- [WORK TO BE COMPLETED]:
Beneath this line is the data. Output exactly the lines from the line with "#74=ADVANCED_FACE('F119',(#62,#73),#51,.T.);" to the line with "#128=CARTESIAN_POINT('',(-8.06249999999999,0.,40.));", both ends included, and nothing more.
(DATASET EXTRACT)
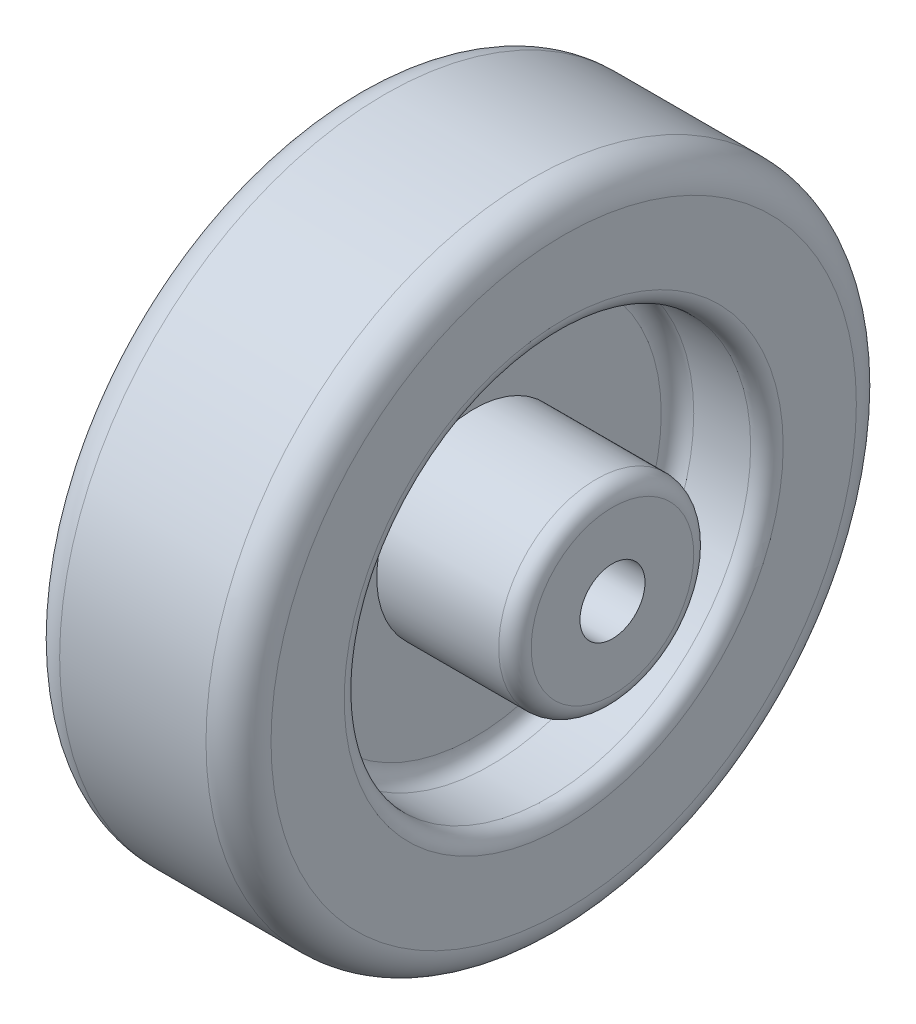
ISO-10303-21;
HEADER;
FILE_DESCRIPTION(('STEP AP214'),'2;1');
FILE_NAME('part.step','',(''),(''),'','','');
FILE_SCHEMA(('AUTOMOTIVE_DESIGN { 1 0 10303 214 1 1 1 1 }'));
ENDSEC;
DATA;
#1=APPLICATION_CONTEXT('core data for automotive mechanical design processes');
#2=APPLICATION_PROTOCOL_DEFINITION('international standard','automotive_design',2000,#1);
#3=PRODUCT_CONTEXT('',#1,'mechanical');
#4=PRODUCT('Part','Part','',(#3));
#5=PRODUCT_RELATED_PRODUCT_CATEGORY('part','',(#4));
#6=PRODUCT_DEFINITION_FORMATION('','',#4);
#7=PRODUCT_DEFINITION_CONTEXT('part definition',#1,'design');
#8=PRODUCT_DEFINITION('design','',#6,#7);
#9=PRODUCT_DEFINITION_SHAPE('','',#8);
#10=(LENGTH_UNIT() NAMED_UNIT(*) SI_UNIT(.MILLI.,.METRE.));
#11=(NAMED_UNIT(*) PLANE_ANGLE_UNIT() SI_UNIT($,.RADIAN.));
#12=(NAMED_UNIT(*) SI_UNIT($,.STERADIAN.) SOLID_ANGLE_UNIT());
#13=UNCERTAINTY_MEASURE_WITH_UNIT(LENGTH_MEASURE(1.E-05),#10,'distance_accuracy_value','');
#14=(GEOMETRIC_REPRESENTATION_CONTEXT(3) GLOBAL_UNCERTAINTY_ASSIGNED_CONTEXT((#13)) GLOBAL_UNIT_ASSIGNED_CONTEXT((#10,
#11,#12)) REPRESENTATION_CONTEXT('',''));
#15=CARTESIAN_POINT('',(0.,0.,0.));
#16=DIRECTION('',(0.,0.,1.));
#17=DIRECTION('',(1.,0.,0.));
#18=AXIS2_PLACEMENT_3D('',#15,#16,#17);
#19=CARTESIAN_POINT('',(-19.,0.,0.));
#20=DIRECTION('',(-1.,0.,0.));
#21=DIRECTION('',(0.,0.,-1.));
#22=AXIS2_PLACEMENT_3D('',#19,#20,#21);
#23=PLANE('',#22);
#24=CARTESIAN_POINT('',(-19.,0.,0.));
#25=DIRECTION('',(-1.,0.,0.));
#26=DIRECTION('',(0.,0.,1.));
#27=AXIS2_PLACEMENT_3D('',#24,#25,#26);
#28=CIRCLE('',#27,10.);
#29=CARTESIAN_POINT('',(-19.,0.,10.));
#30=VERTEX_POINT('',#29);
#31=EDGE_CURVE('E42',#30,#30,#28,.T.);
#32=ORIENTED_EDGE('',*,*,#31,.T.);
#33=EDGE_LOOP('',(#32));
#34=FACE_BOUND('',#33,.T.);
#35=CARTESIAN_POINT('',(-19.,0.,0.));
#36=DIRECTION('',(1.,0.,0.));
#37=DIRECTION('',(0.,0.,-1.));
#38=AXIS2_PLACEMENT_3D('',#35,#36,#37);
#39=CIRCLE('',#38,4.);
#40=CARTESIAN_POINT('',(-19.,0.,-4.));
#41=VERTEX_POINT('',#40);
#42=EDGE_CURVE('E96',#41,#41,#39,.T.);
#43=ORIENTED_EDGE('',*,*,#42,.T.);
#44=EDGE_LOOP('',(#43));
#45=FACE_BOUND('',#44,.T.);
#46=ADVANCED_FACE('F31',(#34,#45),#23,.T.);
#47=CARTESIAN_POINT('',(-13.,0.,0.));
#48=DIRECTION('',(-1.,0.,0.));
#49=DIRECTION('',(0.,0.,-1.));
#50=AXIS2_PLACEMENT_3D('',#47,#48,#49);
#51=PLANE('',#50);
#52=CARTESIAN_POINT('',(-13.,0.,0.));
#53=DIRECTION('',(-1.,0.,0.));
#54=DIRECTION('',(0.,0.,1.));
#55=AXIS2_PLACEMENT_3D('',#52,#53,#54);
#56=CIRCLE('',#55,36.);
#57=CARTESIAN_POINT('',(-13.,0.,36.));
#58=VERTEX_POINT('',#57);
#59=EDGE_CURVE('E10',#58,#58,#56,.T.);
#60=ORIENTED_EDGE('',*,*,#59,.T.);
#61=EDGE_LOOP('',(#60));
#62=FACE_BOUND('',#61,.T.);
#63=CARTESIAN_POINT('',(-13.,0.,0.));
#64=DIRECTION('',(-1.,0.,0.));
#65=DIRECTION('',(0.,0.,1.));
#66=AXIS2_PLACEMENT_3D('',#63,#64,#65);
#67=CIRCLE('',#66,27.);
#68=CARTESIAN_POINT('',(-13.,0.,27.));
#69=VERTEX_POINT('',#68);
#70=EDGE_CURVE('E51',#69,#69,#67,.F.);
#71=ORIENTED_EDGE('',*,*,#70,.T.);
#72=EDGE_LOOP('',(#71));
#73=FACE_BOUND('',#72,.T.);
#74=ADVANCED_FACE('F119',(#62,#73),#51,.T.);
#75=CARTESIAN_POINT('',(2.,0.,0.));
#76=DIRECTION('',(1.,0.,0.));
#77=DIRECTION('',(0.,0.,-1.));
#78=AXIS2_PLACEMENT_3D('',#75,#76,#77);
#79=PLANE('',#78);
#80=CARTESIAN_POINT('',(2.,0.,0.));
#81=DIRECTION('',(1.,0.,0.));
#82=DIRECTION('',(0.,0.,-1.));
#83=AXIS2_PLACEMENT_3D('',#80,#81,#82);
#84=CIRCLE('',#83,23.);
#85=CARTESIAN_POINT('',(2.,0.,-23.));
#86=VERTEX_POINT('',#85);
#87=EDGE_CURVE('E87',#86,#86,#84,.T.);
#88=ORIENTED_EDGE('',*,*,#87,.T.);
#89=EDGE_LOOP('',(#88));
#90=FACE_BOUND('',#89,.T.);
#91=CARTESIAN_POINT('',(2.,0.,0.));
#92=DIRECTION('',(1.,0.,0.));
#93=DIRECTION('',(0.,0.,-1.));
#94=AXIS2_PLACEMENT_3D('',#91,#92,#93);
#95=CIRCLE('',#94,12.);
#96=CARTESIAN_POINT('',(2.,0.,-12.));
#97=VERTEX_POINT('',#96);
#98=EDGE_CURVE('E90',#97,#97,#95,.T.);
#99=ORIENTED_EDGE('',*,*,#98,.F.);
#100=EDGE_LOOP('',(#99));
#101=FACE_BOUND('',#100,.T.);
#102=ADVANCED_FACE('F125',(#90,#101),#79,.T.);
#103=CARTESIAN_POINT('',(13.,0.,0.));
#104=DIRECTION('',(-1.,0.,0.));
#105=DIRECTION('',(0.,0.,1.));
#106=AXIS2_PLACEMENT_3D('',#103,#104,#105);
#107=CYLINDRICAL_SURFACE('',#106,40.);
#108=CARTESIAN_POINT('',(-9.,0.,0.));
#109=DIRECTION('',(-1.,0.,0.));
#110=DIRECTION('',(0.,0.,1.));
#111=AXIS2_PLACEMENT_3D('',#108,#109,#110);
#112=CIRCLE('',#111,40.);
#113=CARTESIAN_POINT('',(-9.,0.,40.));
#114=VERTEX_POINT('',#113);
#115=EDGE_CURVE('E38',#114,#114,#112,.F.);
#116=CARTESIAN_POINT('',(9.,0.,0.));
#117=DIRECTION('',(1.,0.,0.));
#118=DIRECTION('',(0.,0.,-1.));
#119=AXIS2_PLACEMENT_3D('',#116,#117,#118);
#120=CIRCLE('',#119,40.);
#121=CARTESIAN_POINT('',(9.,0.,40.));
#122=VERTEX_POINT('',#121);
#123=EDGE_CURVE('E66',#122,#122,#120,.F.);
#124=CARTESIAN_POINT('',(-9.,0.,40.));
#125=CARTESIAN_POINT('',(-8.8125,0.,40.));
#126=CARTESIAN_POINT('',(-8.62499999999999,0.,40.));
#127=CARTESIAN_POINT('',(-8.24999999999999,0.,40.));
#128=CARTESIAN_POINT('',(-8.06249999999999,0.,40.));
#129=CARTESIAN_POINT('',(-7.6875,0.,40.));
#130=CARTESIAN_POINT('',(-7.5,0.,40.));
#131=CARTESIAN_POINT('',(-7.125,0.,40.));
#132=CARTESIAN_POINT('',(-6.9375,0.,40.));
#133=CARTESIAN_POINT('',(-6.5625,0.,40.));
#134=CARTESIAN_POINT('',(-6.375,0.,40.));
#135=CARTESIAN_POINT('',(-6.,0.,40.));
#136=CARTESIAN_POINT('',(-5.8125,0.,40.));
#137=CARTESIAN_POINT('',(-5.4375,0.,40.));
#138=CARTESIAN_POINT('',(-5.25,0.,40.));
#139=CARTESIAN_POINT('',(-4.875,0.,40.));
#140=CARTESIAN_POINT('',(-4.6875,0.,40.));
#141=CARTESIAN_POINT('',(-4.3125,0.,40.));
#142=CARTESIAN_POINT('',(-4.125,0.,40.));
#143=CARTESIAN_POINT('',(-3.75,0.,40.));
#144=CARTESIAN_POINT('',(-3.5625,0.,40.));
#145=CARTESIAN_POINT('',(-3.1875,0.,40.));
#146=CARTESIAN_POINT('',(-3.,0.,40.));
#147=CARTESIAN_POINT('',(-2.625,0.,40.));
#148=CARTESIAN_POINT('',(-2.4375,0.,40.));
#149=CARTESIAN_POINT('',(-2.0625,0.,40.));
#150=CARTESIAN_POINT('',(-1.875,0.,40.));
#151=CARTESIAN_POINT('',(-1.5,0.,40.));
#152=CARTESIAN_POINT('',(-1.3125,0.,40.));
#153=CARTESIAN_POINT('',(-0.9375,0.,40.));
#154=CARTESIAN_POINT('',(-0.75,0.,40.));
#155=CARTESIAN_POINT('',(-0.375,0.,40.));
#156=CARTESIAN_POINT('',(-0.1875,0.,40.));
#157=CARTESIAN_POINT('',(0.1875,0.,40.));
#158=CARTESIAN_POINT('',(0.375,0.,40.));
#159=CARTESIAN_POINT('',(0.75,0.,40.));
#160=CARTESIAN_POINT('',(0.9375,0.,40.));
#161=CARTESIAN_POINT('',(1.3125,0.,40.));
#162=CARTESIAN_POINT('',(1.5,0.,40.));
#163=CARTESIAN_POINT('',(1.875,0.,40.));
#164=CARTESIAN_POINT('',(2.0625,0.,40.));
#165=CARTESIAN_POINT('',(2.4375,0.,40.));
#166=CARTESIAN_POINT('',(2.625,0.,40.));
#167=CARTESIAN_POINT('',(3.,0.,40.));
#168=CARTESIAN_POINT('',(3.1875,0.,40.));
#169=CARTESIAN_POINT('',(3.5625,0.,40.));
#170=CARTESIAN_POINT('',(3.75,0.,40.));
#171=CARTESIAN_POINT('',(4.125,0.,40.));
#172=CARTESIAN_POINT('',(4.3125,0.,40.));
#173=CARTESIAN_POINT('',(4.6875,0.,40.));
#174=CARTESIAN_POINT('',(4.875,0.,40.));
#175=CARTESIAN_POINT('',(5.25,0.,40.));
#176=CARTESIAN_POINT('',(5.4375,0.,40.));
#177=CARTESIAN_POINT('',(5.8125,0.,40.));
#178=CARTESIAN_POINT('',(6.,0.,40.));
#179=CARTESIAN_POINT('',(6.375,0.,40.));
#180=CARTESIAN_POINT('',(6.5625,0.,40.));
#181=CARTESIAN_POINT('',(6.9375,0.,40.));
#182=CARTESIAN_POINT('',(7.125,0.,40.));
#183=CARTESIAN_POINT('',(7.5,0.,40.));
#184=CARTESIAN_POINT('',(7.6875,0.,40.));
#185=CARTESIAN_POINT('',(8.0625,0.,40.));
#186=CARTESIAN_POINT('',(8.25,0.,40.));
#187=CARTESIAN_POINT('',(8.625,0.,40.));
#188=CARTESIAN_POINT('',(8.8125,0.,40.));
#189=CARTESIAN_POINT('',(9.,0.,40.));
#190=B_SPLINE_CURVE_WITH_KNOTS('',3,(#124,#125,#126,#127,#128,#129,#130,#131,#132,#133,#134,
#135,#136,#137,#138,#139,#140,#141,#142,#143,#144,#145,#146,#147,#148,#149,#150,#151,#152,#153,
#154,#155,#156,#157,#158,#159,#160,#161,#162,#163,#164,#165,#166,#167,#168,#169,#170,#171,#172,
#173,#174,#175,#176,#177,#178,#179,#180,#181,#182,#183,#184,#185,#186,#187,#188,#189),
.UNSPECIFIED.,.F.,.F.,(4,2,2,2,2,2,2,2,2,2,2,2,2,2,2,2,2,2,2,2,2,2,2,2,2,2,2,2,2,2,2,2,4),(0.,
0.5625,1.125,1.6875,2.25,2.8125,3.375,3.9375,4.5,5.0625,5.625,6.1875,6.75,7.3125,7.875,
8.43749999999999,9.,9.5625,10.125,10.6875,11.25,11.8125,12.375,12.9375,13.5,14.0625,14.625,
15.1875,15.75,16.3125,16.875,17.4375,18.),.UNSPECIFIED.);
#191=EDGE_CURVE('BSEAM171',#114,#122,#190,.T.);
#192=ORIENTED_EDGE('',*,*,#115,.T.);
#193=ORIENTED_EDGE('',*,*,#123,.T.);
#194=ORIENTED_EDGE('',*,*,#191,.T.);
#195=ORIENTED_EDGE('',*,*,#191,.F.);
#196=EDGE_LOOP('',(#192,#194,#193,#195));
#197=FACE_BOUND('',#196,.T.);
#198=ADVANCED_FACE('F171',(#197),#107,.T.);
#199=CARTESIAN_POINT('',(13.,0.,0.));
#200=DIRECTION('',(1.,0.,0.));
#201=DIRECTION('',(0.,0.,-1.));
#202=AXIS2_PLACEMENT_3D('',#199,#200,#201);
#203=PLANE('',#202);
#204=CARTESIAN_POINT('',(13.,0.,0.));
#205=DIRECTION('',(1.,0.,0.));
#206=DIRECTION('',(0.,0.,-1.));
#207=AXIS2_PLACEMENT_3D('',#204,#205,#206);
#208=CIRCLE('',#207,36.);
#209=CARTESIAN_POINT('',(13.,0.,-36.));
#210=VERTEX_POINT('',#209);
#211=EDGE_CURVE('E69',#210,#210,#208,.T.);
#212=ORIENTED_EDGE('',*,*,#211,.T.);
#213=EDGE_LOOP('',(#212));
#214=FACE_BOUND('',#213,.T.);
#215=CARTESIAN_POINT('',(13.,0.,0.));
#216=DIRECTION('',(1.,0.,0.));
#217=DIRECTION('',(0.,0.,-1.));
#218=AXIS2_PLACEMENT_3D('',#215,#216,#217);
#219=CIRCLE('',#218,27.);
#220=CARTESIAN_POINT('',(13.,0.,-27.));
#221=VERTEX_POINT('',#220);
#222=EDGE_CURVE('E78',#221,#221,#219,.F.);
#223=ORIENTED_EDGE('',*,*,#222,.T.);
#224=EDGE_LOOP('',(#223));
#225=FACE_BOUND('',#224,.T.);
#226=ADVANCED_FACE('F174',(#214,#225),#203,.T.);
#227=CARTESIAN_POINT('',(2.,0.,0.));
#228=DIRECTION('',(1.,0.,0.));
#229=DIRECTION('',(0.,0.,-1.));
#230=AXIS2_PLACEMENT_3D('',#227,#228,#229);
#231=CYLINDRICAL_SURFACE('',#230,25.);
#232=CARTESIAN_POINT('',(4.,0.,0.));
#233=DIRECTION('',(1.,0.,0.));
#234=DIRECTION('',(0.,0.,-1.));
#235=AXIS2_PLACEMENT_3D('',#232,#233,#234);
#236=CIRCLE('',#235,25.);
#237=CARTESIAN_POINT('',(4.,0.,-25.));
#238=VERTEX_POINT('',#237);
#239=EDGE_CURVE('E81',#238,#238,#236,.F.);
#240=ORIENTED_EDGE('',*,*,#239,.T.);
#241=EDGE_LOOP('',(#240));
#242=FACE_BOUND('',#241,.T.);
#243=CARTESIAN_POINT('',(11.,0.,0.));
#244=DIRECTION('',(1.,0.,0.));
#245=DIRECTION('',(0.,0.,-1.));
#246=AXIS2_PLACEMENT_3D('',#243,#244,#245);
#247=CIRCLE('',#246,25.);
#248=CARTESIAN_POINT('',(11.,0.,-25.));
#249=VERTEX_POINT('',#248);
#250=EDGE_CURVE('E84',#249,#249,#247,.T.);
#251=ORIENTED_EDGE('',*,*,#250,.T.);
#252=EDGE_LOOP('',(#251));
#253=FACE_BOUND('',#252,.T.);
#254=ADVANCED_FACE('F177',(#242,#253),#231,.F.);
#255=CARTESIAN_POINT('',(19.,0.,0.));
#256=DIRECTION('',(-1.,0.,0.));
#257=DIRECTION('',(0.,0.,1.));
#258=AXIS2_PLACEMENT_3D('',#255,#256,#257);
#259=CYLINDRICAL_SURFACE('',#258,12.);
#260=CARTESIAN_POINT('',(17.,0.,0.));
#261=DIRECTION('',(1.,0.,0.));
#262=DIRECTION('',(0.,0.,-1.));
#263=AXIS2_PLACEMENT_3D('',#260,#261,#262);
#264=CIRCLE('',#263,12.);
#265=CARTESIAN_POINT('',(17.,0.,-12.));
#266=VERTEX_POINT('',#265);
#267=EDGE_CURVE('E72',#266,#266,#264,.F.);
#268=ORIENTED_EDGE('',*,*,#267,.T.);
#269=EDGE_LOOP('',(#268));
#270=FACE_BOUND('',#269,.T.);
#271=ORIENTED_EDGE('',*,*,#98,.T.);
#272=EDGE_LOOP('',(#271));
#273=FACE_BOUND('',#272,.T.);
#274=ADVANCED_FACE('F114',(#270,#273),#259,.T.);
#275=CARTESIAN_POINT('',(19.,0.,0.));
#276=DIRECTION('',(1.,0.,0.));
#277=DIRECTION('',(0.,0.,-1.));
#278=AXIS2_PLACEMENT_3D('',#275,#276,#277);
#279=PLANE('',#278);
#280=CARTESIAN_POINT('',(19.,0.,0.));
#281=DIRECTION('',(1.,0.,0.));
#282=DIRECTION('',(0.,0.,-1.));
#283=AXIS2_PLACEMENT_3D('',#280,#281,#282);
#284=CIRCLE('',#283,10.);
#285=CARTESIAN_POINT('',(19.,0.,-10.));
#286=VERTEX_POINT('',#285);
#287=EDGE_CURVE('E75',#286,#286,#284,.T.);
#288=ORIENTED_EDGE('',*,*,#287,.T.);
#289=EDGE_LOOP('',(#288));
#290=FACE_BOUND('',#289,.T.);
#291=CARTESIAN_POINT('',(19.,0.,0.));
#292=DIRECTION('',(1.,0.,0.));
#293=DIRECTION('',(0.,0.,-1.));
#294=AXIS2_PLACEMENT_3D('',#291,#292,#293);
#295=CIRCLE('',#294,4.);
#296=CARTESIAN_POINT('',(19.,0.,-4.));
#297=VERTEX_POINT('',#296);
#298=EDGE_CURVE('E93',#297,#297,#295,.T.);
(End DATASET EXTRACT)
- [EXERCISE ANSWER]:
#74=ADVANCED_FACE('F119',(#62,#73),#51,.T.);
#75=CARTESIAN_POINT('',(2.,0.,0.));
#76=DIRECTION('',(1.,0.,0.));
#77=DIRECTION('',(0.,0.,-1.));
#78=AXIS2_PLACEMENT_3D('',#75,#76,#77);
#79=PLANE('',#78);
#80=CARTESIAN_POINT('',(2.,0.,0.));
#81=DIRECTION('',(1.,0.,0.));
#82=DIRECTION('',(0.,0.,-1.));
#83=AXIS2_PLACEMENT_3D('',#80,#81,#82);
#84=CIRCLE('',#83,23.);
#85=CARTESIAN_POINT('',(2.,0.,-23.));
#86=VERTEX_POINT('',#85);
#87=EDGE_CURVE('E87',#86,#86,#84,.T.);
#88=ORIENTED_EDGE('',*,*,#87,.T.);
#89=EDGE_LOOP('',(#88));
#90=FACE_BOUND('',#89,.T.);
#91=CARTESIAN_POINT('',(2.,0.,0.));
#92=DIRECTION('',(1.,0.,0.));
#93=DIRECTION('',(0.,0.,-1.));
#94=AXIS2_PLACEMENT_3D('',#91,#92,#93);
#95=CIRCLE('',#94,12.);
#96=CARTESIAN_POINT('',(2.,0.,-12.));
#97=VERTEX_POINT('',#96);
#98=EDGE_CURVE('E90',#97,#97,#95,.T.);
#99=ORIENTED_EDGE('',*,*,#98,.F.);
#100=EDGE_LOOP('',(#99));
#101=FACE_BOUND('',#100,.T.);
#102=ADVANCED_FACE('F125',(#90,#101),#79,.T.);
#103=CARTESIAN_POINT('',(13.,0.,0.));
#104=DIRECTION('',(-1.,0.,0.));
#105=DIRECTION('',(0.,0.,1.));
#106=AXIS2_PLACEMENT_3D('',#103,#104,#105);
#107=CYLINDRICAL_SURFACE('',#106,40.);
#108=CARTESIAN_POINT('',(-9.,0.,0.));
#109=DIRECTION('',(-1.,0.,0.));
#110=DIRECTION('',(0.,0.,1.));
#111=AXIS2_PLACEMENT_3D('',#108,#109,#110);
#112=CIRCLE('',#111,40.);
#113=CARTESIAN_POINT('',(-9.,0.,40.));
#114=VERTEX_POINT('',#113);
#115=EDGE_CURVE('E38',#114,#114,#112,.F.);
#116=CARTESIAN_POINT('',(9.,0.,0.));
#117=DIRECTION('',(1.,0.,0.));
#118=DIRECTION('',(0.,0.,-1.));
#119=AXIS2_PLACEMENT_3D('',#116,#117,#118);
#120=CIRCLE('',#119,40.);
#121=CARTESIAN_POINT('',(9.,0.,40.));
#122=VERTEX_POINT('',#121);
#123=EDGE_CURVE('E66',#122,#122,#120,.F.);
#124=CARTESIAN_POINT('',(-9.,0.,40.));
#125=CARTESIAN_POINT('',(-8.8125,0.,40.));
#126=CARTESIAN_POINT('',(-8.62499999999999,0.,40.));
#127=CARTESIAN_POINT('',(-8.24999999999999,0.,40.));
#128=CARTESIAN_POINT('',(-8.06249999999999,0.,40.));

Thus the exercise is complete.